The Effect of Intrathecal Versus Intravenous Dexmedetomidine on Postoperative Analgesia in Transurethral Resection of The Prostate
Overview
- Phase
- Not Applicable
- Intervention
- Control group
- Conditions
- Dexmedetomidine
- Sponsor
- Tanta University
- Enrollment
- 75
- Locations
- 1
- Primary Endpoint
- Time to first analgesic request
- Status
- Recruiting
- Last Updated
- 3 years ago
Overview
Brief Summary
This study was conducted to compare the effects of intrathecal versus intravenous dexmedetomidine administration in patients undergoing Transurethral resection of the prostate under spinal anesthesia.
Detailed Description
Multiple prostatic pathologies become evident in the elderly males.

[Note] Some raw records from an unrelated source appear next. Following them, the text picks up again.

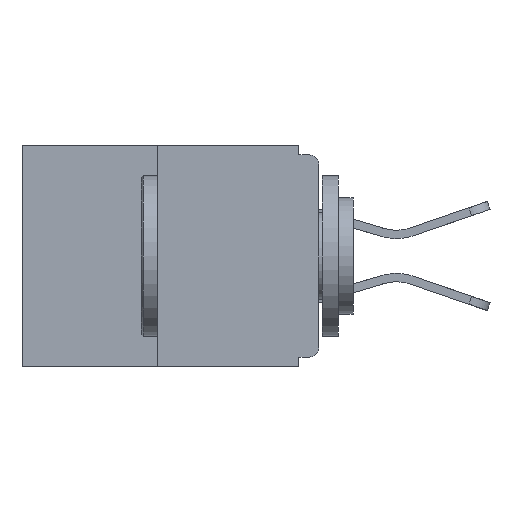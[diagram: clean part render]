
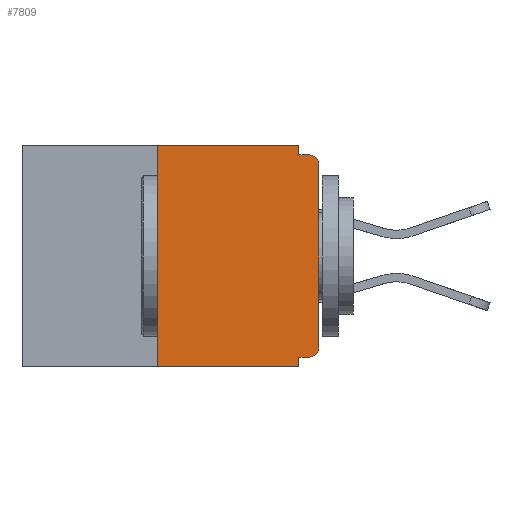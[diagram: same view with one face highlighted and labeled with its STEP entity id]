
A CAD part, left-side view. The second image highlights one B-rep face of the part: STEP entity #7809.
In plain terms, the highlighted planar face has unit normal (-1, 0, 0).
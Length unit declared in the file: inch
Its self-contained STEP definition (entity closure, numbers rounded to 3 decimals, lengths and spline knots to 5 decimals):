
#391 = DIRECTION ( 'NONE',  ( 0., -1., 0. ) ) ;
#411 = VECTOR ( 'NONE', #391, 39.37008 ) ;
#1763 = VERTEX_POINT ( 'NONE', #17021 ) ;
#2031 = CARTESIAN_POINT ( 'NONE',  ( 0., 0.015, -0.313 ) ) ;
#2103 = DIRECTION ( 'NONE',  ( 0., 0., 1. ) ) ;
#2507 = AXIS2_PLACEMENT_3D ( 'NONE', #2031, #16916, #10235 ) ;
#2935 = VERTEX_POINT ( 'NONE', #12909 ) ;
#2980 = CARTESIAN_POINT ( 'NONE',  ( 0., 0.031, -0.015 ) ) ;
#3116 = VECTOR ( 'NONE', #6594, 39.37008 ) ;
#3355 = EDGE_CURVE ( 'NONE', #2935, #6996, #9902, .T. ) ;
#3390 = VECTOR ( 'NONE', #12480, 39.37008 ) ;
#3739 = CARTESIAN_POINT ( 'NONE',  ( 0., 0.031, -0.343 ) ) ;
#3840 = CARTESIAN_POINT ( 'NONE',  ( 0., 0., 0. ) ) ;
#4443 = DIRECTION ( 'NONE',  ( 0., -1., 0. ) ) ;
#4661 = CARTESIAN_POINT ( 'NONE',  ( 0., 0.015, -0.03 ) ) ;
#4857 = AXIS2_PLACEMENT_3D ( 'NONE', #7709, #17078, #15802 ) ;
#4864 = CARTESIAN_POINT ( 'NONE',  ( 0., 0., -0.313 ) ) ;
#5045 = ORIENTED_EDGE ( 'NONE', *, *, #16976, .T. ) ;
#5208 = ORIENTED_EDGE ( 'NONE', *, *, #11124, .F. ) ;
#5465 = CARTESIAN_POINT ( 'NONE',  ( 0., 0.031, 0. ) ) ;
#5549 = VERTEX_POINT ( 'NONE', #4864 ) ;
#5625 = AXIS2_PLACEMENT_3D ( 'NONE', #4661, #9992, #8762 ) ;
#5684 = LINE ( 'NONE', #8951, #8833 ) ;
#5747 = CIRCLE ( 'NONE', #5625, 0.015 ) ;
#5835 = CARTESIAN_POINT ( 'NONE',  ( 0., 0.46, 0. ) ) ;
#5891 = CARTESIAN_POINT ( 'NONE',  ( 0., 0., -0.015 ) ) ;
#5989 = ORIENTED_EDGE ( 'NONE', *, *, #15294, .T. ) ;
#6482 = ORIENTED_EDGE ( 'NONE', *, *, #12952, .F. ) ;
#6594 = DIRECTION ( 'NONE',  ( 0., 0., -1. ) ) ;
#6836 = ORIENTED_EDGE ( 'NONE', *, *, #3355, .F. ) ;
#6996 = VERTEX_POINT ( 'NONE', #11893 ) ;
#7324 = VERTEX_POINT ( 'NONE', #11847 ) ;
#7512 = ORIENTED_EDGE ( 'NONE', *, *, #16741, .T. ) ;
#7709 = CARTESIAN_POINT ( 'NONE',  ( 0., 0.46, 0. ) ) ;
#7726 = VERTEX_POINT ( 'NONE', #14054 ) ;
#7809 = ADVANCED_FACE ( 'NONE', ( #8801 ), #14388, .F. ) ;
#8096 = VECTOR ( 'NONE', #4443, 39.37008 ) ;
#8340 = EDGE_CURVE ( 'NONE', #10479, #1763, #10663, .T. ) ;
#8451 = CARTESIAN_POINT ( 'NONE',  ( 0., 0.46, -0.343 ) ) ;
#8762 = DIRECTION ( 'NONE',  ( 0., 0., -1. ) ) ;
#8801 = FACE_OUTER_BOUND ( 'NONE', #10194, .T. ) ;
#8833 = VECTOR ( 'NONE', #12781, 39.37008 ) ;
#8951 = CARTESIAN_POINT ( 'NONE',  ( 0., 0., -0.328 ) ) ;
#9400 = ORIENTED_EDGE ( 'NONE', *, *, #8340, .F. ) ;
#9679 = CIRCLE ( 'NONE', #2507, 0.015 ) ;
#9817 = ORIENTED_EDGE ( 'NONE', *, *, #11422, .T. ) ;
#9902 = LINE ( 'NONE', #5835, #3390 ) ;
#9992 = DIRECTION ( 'NONE',  ( -1., 0., 0. ) ) ;
#10194 = EDGE_LOOP ( 'NONE', ( #6836, #5208, #7512, #9400, #12667, #5045, #9817, #5989, #6482, #14224 ) ) ;
#10235 = DIRECTION ( 'NONE',  ( 0., 0., -1. ) ) ;
#10479 = VERTEX_POINT ( 'NONE', #13318 ) ;
#10550 = VECTOR ( 'NONE', #13100, 39.37008 ) ;
#10663 = LINE ( 'NONE', #3739, #3116 ) ;
#10986 = VECTOR ( 'NONE', #2103, 39.37008 ) ;
#11124 = EDGE_CURVE ( 'NONE', #16109, #2935, #12472, .T. ) ;
#11422 = EDGE_CURVE ( 'NONE', #5549, #7726, #13708, .T. ) ;
#11847 = CARTESIAN_POINT ( 'NONE',  ( 0., 0.015, -0.328 ) ) ;
#11893 = CARTESIAN_POINT ( 'NONE',  ( 0., 0.031, 0. ) ) ;
#12183 = CARTESIAN_POINT ( 'NONE',  ( 0., 0.015, -0.015 ) ) ;
#12305 = LINE ( 'NONE', #5891, #8096 ) ;
#12472 = LINE ( 'NONE', #12854, #10986 ) ;
#12480 = DIRECTION ( 'NONE',  ( 0., -1., 0. ) ) ;
#12667 = ORIENTED_EDGE ( 'NONE', *, *, #16999, .F. ) ;
#12781 = DIRECTION ( 'NONE',  ( 0., 1., 0. ) ) ;
#12854 = CARTESIAN_POINT ( 'NONE',  ( 0., 0.25, 0. ) ) ;
#12909 = CARTESIAN_POINT ( 'NONE',  ( 0., 0.25, 0. ) ) ;
#12952 = EDGE_CURVE ( 'NONE', #13356, #13677, #12305, .T. ) ;
#13100 = DIRECTION ( 'NONE',  ( 0., 0., 1. ) ) ;
#13318 = CARTESIAN_POINT ( 'NONE',  ( 0., 0.031, -0.328 ) ) ;
#13356 = VERTEX_POINT ( 'NONE', #2980 ) ;
#13677 = VERTEX_POINT ( 'NONE', #12183 ) ;
#13708 = LINE ( 'NONE', #3840, #10550 ) ;
#14054 = CARTESIAN_POINT ( 'NONE',  ( 0., 0., -0.03 ) ) ;
#14224 = ORIENTED_EDGE ( 'NONE', *, *, #15774, .F. ) ;
#14388 = PLANE ( 'NONE',  #4857 ) ;
#14742 = LINE ( 'NONE', #5465, #15593 ) ;
#14847 = DIRECTION ( 'NONE',  ( 0., 0., -1. ) ) ;
#15294 = EDGE_CURVE ( 'NONE', #7726, #13677, #5747, .T. ) ;
#15593 = VECTOR ( 'NONE', #14847, 39.37008 ) ;
#15774 = EDGE_CURVE ( 'NONE', #6996, #13356, #14742, .T. ) ;
#15802 = DIRECTION ( 'NONE',  ( 0., 0., -1. ) ) ;
#16060 = CARTESIAN_POINT ( 'NONE',  ( 0., 0.25, -0.343 ) ) ;
#16109 = VERTEX_POINT ( 'NONE', #16060 ) ;
#16741 = EDGE_CURVE ( 'NONE', #16109, #1763, #16811, .T. ) ;
#16811 = LINE ( 'NONE', #8451, #411 ) ;
#16916 = DIRECTION ( 'NONE',  ( -1., 0., 0. ) ) ;
#16976 = EDGE_CURVE ( 'NONE', #7324, #5549, #9679, .T. ) ;
#16999 = EDGE_CURVE ( 'NONE', #7324, #10479, #5684, .T. ) ;
#17021 = CARTESIAN_POINT ( 'NONE',  ( 0., 0.031, -0.343 ) ) ;
#17078 = DIRECTION ( 'NONE',  ( 1., 0., 0. ) ) ;

Of them, benign prostatic hyperplasia is one of the most prevalent issues in aging men and transurethral resection of the prostate (TURP) still represents the standard surgical treatment. Most transurethral resection of the prostate (TURP) procedures are performed under spinal anesthesia. Spinal anesthesia has many advantages including, easy application, low cost, decreasing the risk of aspiration, decreasing intraoperative bleeding, eliminating the need for mechanical ventilation together with the decreased risk of intraoperative cardiac events or post-operative hypoxic episode. The management of post-operative pain following spinal anesthesia using a short-acting anesthetic still constitutes a major problem for anesthesiologists and pain physicians. However, the duration and efficacy of spinal anesthesia could be improved by adjuvants. Dexmedetomidine is an alpha 2 receptor agonist that have antinociceptive action for both visceral and somatic pain. At low doses, it has sedative and hypnotic effects without having a negative impact on respiration. Multiple studies have reported that intrathecal and intravenous administration of this drug could prolong the duration of spinal anesthesia and post-operative analgesia.
Investigators
Laila Elahwal
Lecturer of Anesthesiology, Surgical Intensive Care and Pain Medicine
Tanta University
Eligibility Criteria
Inclusion Criteria
- •Cases aged between 50 and 70 years
- •Having class I or II according to the American society of anesthesiologists (ASA)
Exclusion Criteria
- •Cases with heart block
- •Dysrhythmia
- •Contraindications for spinal anesthesia
- •Known allergy to the study medications
- •Classified as ASA class \> II
- •Alpha 2 agonist or antagonist therapy.
Arms & Interventions
Control group
Cases will be subjected to spinal anesthesia with hyperbaric bupivacaine 10 mg.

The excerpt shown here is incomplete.